三重県は5教科で全国平均下回る 全国学力テスト結果

三重県教委は28日、小学6年と中学3年を対象に実施した本年度の全国学力・学習状況調査(全国学力テスト)の結果を公表した。県内の平均正答率は中学の数学を除く五教科で全国平均を下回った。

県教委によると、調査は4月19日に実施。県内では343校の小学生1万5172人が国語、算数、理科、153校の中学生1万5031人が国語、数学、理科のテストを受けた。

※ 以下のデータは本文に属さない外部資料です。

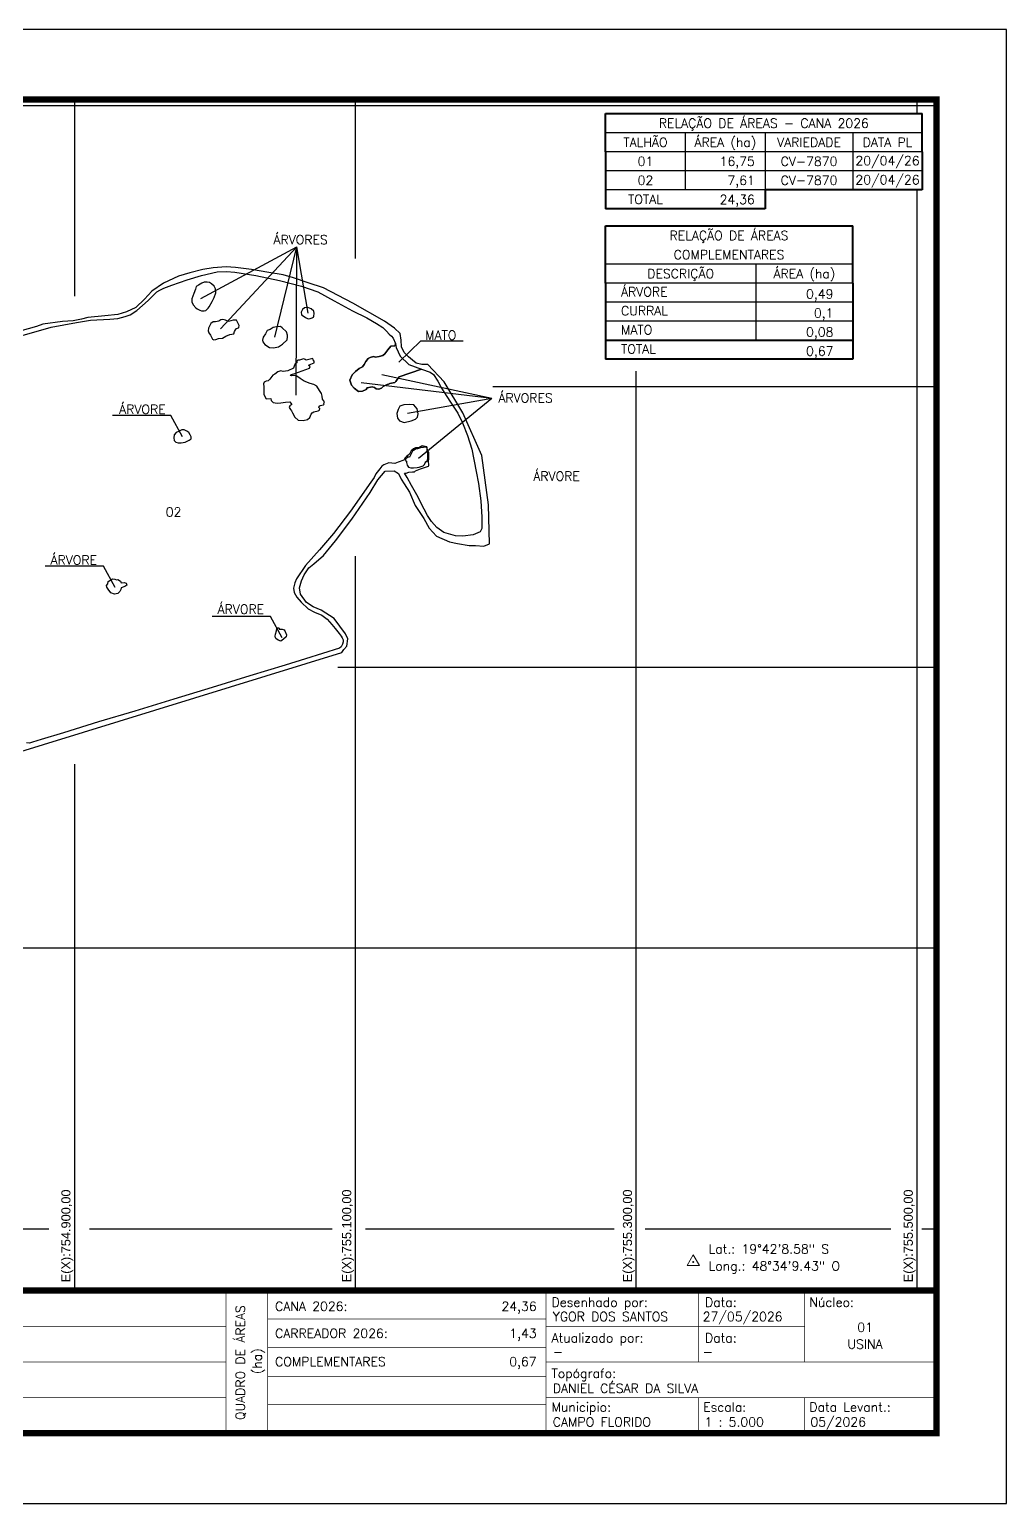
# Model space of a CAD drawing. Header units: millimetres. Extents: x 754079 to 755564, y 7818904 to 7819954.
# Drawn here: x 754868 to 755564, y 7818904 to 7819954 of the extents above; entities that cross this region are included whole.
import ezdxf
from ezdxf.enums import TextEntityAlignment as Align

# ---------------------------------------------------------------- set-up
doc = ezdxf.new("R2010")
doc.units = ezdxf.units.MM
doc.linetypes.add('LIN0', pattern=[0])
for name, color, linetype in [('0114001331', 1, 'Continuous'), ('0114001331002', 5, 'Continuous'), ('ARVORE', 82, 'Continuous'), ('COORDENADAS', 7, 'Continuous'), ('MALHA', 8, 'Continuous'), ('MARGEM', 5, 'Continuous'), ('MATO', 3, 'Continuous'), ('QUADRO_DE_AREAS_CANA_2023', 7, 'Continuous'), ('QUADRO_DE_AREAS_COMPLEMENTARES', 7, 'Continuous'), ('TXT_DIVERSOS', 7, 'Continuous'), ('TXT_NUM_TALHAO', 7, 'Continuous')]:
    doc.layers.add(name, color=color, linetype=linetype)
doc.styles.add('Simplex', font='simplex.shx')
doc.styles.get("Standard").update_dxf_attribs({"font": 'arial.ttf'})

msp = doc.modelspace()

# ---------------------------------------------------------------- linework, layer by layer
at = {"layer": '0114001331'}
msp.add_lwpolyline([(754772.7, 7819412.7), (755090.2, 7819510.5), (755091.7, 7819512.5), (755093.7, 7819514.9), (755094.5, 7819520.1), (755092.8, 7819523.8), (755084.7, 7819534.6), (755075.5, 7819540.6), (755069.8, 7819543), (755065.1, 7819546.1), (755060.7, 7819552), (755060.1, 7819556.5), (755061.5, 7819561.6), (755063.5, 7819565.9), (755066.8, 7819570.7), (755070.2, 7819573.7), (755077.3, 7819579.5), (755085.7, 7819589.9), (755097.4, 7819605.4), (755110.5, 7819624.4), (755115.8, 7819633.4), (755121, 7819639.7), (755127.6, 7819639.9), (755130.6, 7819637.9), (755132.5, 7819633.9), (755134.7, 7819630.5), (755138.4, 7819624.6), (755142.5, 7819615.1), (755148.6, 7819605.9), (755152.4, 7819599.1), (755157.7, 7819593.4), (755166.9, 7819589.4), (755172.6, 7819588.1), (755180.9, 7819586.7), (755182.9, 7819586.7), (755185.5, 7819586.8), (755191.4, 7819586.1), (755195.5, 7819587.9), (755194.7, 7819615.6), (755189.9, 7819650.9), (755176.5, 7819681.2), (755163.2, 7819703.2), (755151.6, 7819715.7), (755147.3, 7819715.6), (755143.1, 7819716.6), (755140.5, 7819718.7), (755137.8, 7819721), (755134.7, 7819724.2), (755132.7, 7819728.1), (755132.4, 7819733), (755131.9, 7819737.6), (755127.7, 7819741.6), (755120.7, 7819746.4), (755098.1, 7819759.2), (755077.2, 7819770.3), (755066.2, 7819773.9), (755055.8, 7819777.4), (755048.4, 7819779.4), (755038.3, 7819781.2), (755026, 7819783.4), (755014.5, 7819784.8), (755007.9, 7819785.1), (754998.6, 7819784.5), (754991.2, 7819783.2), (754982, 7819781), (754974, 7819778.5), (754963.3, 7819773.5), (754954.9, 7819767.9), (754949.8, 7819762.1), (754943.4, 7819756.2), (754936.9, 7819753.1), (754930.6, 7819751.2), (754921.4, 7819750.2), (754909.4, 7819749.2), (754904.7, 7819747.9), (754898.9, 7819746.7), (754891.4, 7819746.2), (754877.3, 7819744.4), (754872.8, 7819742.6), (754861, 7819739.4)], dxfattribs=at)
at = {"layer": '0114001331002'}
msp.add_lwpolyline([(754845.8, 7819731.6), (754883.3, 7819742.3), (754901.3, 7819745.6), (754911.3, 7819747.1), (754925, 7819747.8), (754930.6, 7819748.4), (754936, 7819749.7), (754939.6, 7819751), (754944.3, 7819754.2), (754952.3, 7819761.3), (754958.5, 7819767.4), (754960.5, 7819768.6), (754963.5, 7819769.9), (754969.1, 7819772.1), (754980, 7819775.9), (754990.2, 7819779.1), (755001.5, 7819781.6), (755008.1, 7819781.9), (755014.1, 7819781.3), (755029, 7819779), (755045.8, 7819775.5), (755061.5, 7819771.5), (755073.2, 7819767.4), (755084.9, 7819761), (755097.9, 7819753.9), (755108, 7819748.8), (755115, 7819744.9), (755119.4, 7819742), (755122, 7819739.3), (755124, 7819737.3), (755125.7, 7819735.9), (755126.8, 7819734.3), (755128.4, 7819730.6), (755128.4, 7819729.6), (755128, 7819729), (755125.1, 7819728.6), (755123, 7819726.1), (755120.9, 7819723.2), (755119.4, 7819722), (755116.9, 7819721.3), (755114.3, 7819720.9), (755112.7, 7819721.3), (755110.4, 7819720.7), (755108.9, 7819719.8), (755107.3, 7819717.8), (755106.1, 7819715.7), (755104.9, 7819714), (755102.7, 7819712.7), (755100, 7819710.7), (755097.6, 7819708.3), (755096, 7819704.4), (755097.1, 7819700.9), (755099.1, 7819698.8), (755102, 7819696.4), (755105, 7819696.7), (755107.6, 7819697.9), (755108.4, 7819699.1), (755111.8, 7819699.6), (755113.5, 7819699.3), (755114.7, 7819698.3), (755116.7, 7819698.1), (755118.6, 7819698.7), (755119.7, 7819700), (755122.6, 7819701.3), (755123.6, 7819701.6), (755124.4, 7819702.2), (755127.9, 7819702.8), (755128.7, 7819703.5), (755129.7, 7819705), (755131.1, 7819706.8), (755147.1, 7819712.3), (755153.1, 7819710.2), (755155.5, 7819708.5), (755158.6, 7819703.8), (755161.2, 7819698.8), (755167.2, 7819689.6), (755172.8, 7819680.9), (755176.1, 7819674.1), (755179.7, 7819665), (755182.8, 7819655.3), (755185.9, 7819639.5), (755187.5, 7819630.9), (755189.2, 7819618.4), (755189.9, 7819606.8), (755190, 7819598.8), (755188.7, 7819596.5), (755183.7, 7819594.2), (755176.5, 7819593.3), (755171.3, 7819593.5), (755163, 7819595.9), (755158, 7819599.6), (755154, 7819603.8), (755151.2, 7819608), (755149, 7819612.6), (755143.7, 7819622.8), (755139.9, 7819629.4), (755136.7, 7819635.1), (755134.9, 7819638.3), (755136.1, 7819638.3), (755138, 7819639), (755140.5, 7819639.1), (755141.9, 7819639.2), (755142.8, 7819639.9), (755146.2, 7819641.3), (755152, 7819643.3), (755152.3, 7819643.7), (755152.2, 7819644.3), (755151.9, 7819646.4), (755152.1, 7819648.6), (755152.3, 7819650.7), (755152.1, 7819652.7), (755151.3, 7819654.8), (755151.1, 7819656.2), (755150.8, 7819657), (755148.5, 7819657.5), (755147.4, 7819657.6), (755146.7, 7819657.5), (755146.2, 7819657), (755145.2, 7819656.3), (755142.8, 7819656.2), (755141.4, 7819655.6), (755139.6, 7819654.2), (755138.4, 7819651.8), (755137.3, 7819650.9), (755136.2, 7819650), (755135.2, 7819649), (755134.3, 7819647.5), (755130.4, 7819646.1), (755128.1, 7819645.1), (755123.8, 7819645.6), (755120.1, 7819644.1), (755118.8, 7819643.1), (755117.2, 7819641.2), (755114.5, 7819637.7), (755113.3, 7819635.1), (755110.9, 7819631.9), (755096.4, 7819611.1), (755084.3, 7819595.3), (755074.3, 7819583.5), (755064.3, 7819572.4), (755057.9, 7819562.9), (755056.7, 7819560.1), (755055.9, 7819556.4), (755056.3, 7819553.3), (755058.2, 7819549.8), (755061.2, 7819546.3), (755066.3, 7819541.5), (755070.7, 7819539.1), (755075.9, 7819537), (755079.8, 7819534.1), (755083.1, 7819530.5), (755085.5, 7819527.6), (755088.3, 7819523.9), (755089.8, 7819522.1), (755090.4, 7819520.9), (755091.1, 7819519.6), (755091.3, 7819518.1), (755090.8, 7819516.3), (755089.8, 7819514.4), (755088.5, 7819513.5), (755064.3, 7819505.9), (755049.8, 7819501.5), (755024.8, 7819493.9), (754998, 7819485.6), (754970.5, 7819477.2), (754942.8, 7819468.7), (754917, 7819461), (754892.1, 7819453.2), (754876.1, 7819448.6), (754869.8, 7819446.5), (754867.8, 7819446), (754865.7, 7819446.1)], dxfattribs=at)
at = {"layer": 'ARVORE'}
for points in [[(754992.2, 7819753.9), (754993.3, 7819754.2), (754995, 7819755.8), (754995.7, 7819756.6), (754997.8, 7819760.4), (754999.4, 7819763.3), (755000.4, 7819766.6), (755000.3, 7819769.5), (754999.3, 7819771.5), (754997.4, 7819773), (754996.1, 7819774), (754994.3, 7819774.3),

小学校の平均正答率は国語64・5%(全国平均65・6%)、算数62・2%(同63・2%)、理科62・6%(同63・3%)。いずれの教科も全国平均を下回り、国語と算数は前年度比で全国平均との差が広がった。

中学校では、数学の平均正答率が51・9%で全国平均を0・5ポイント上回ったが、国語は68・2%(全国平均69・0%)、理科は48・1%(同49・3%)だった。全国平均との差は数学が横ばい、国語は縮まった。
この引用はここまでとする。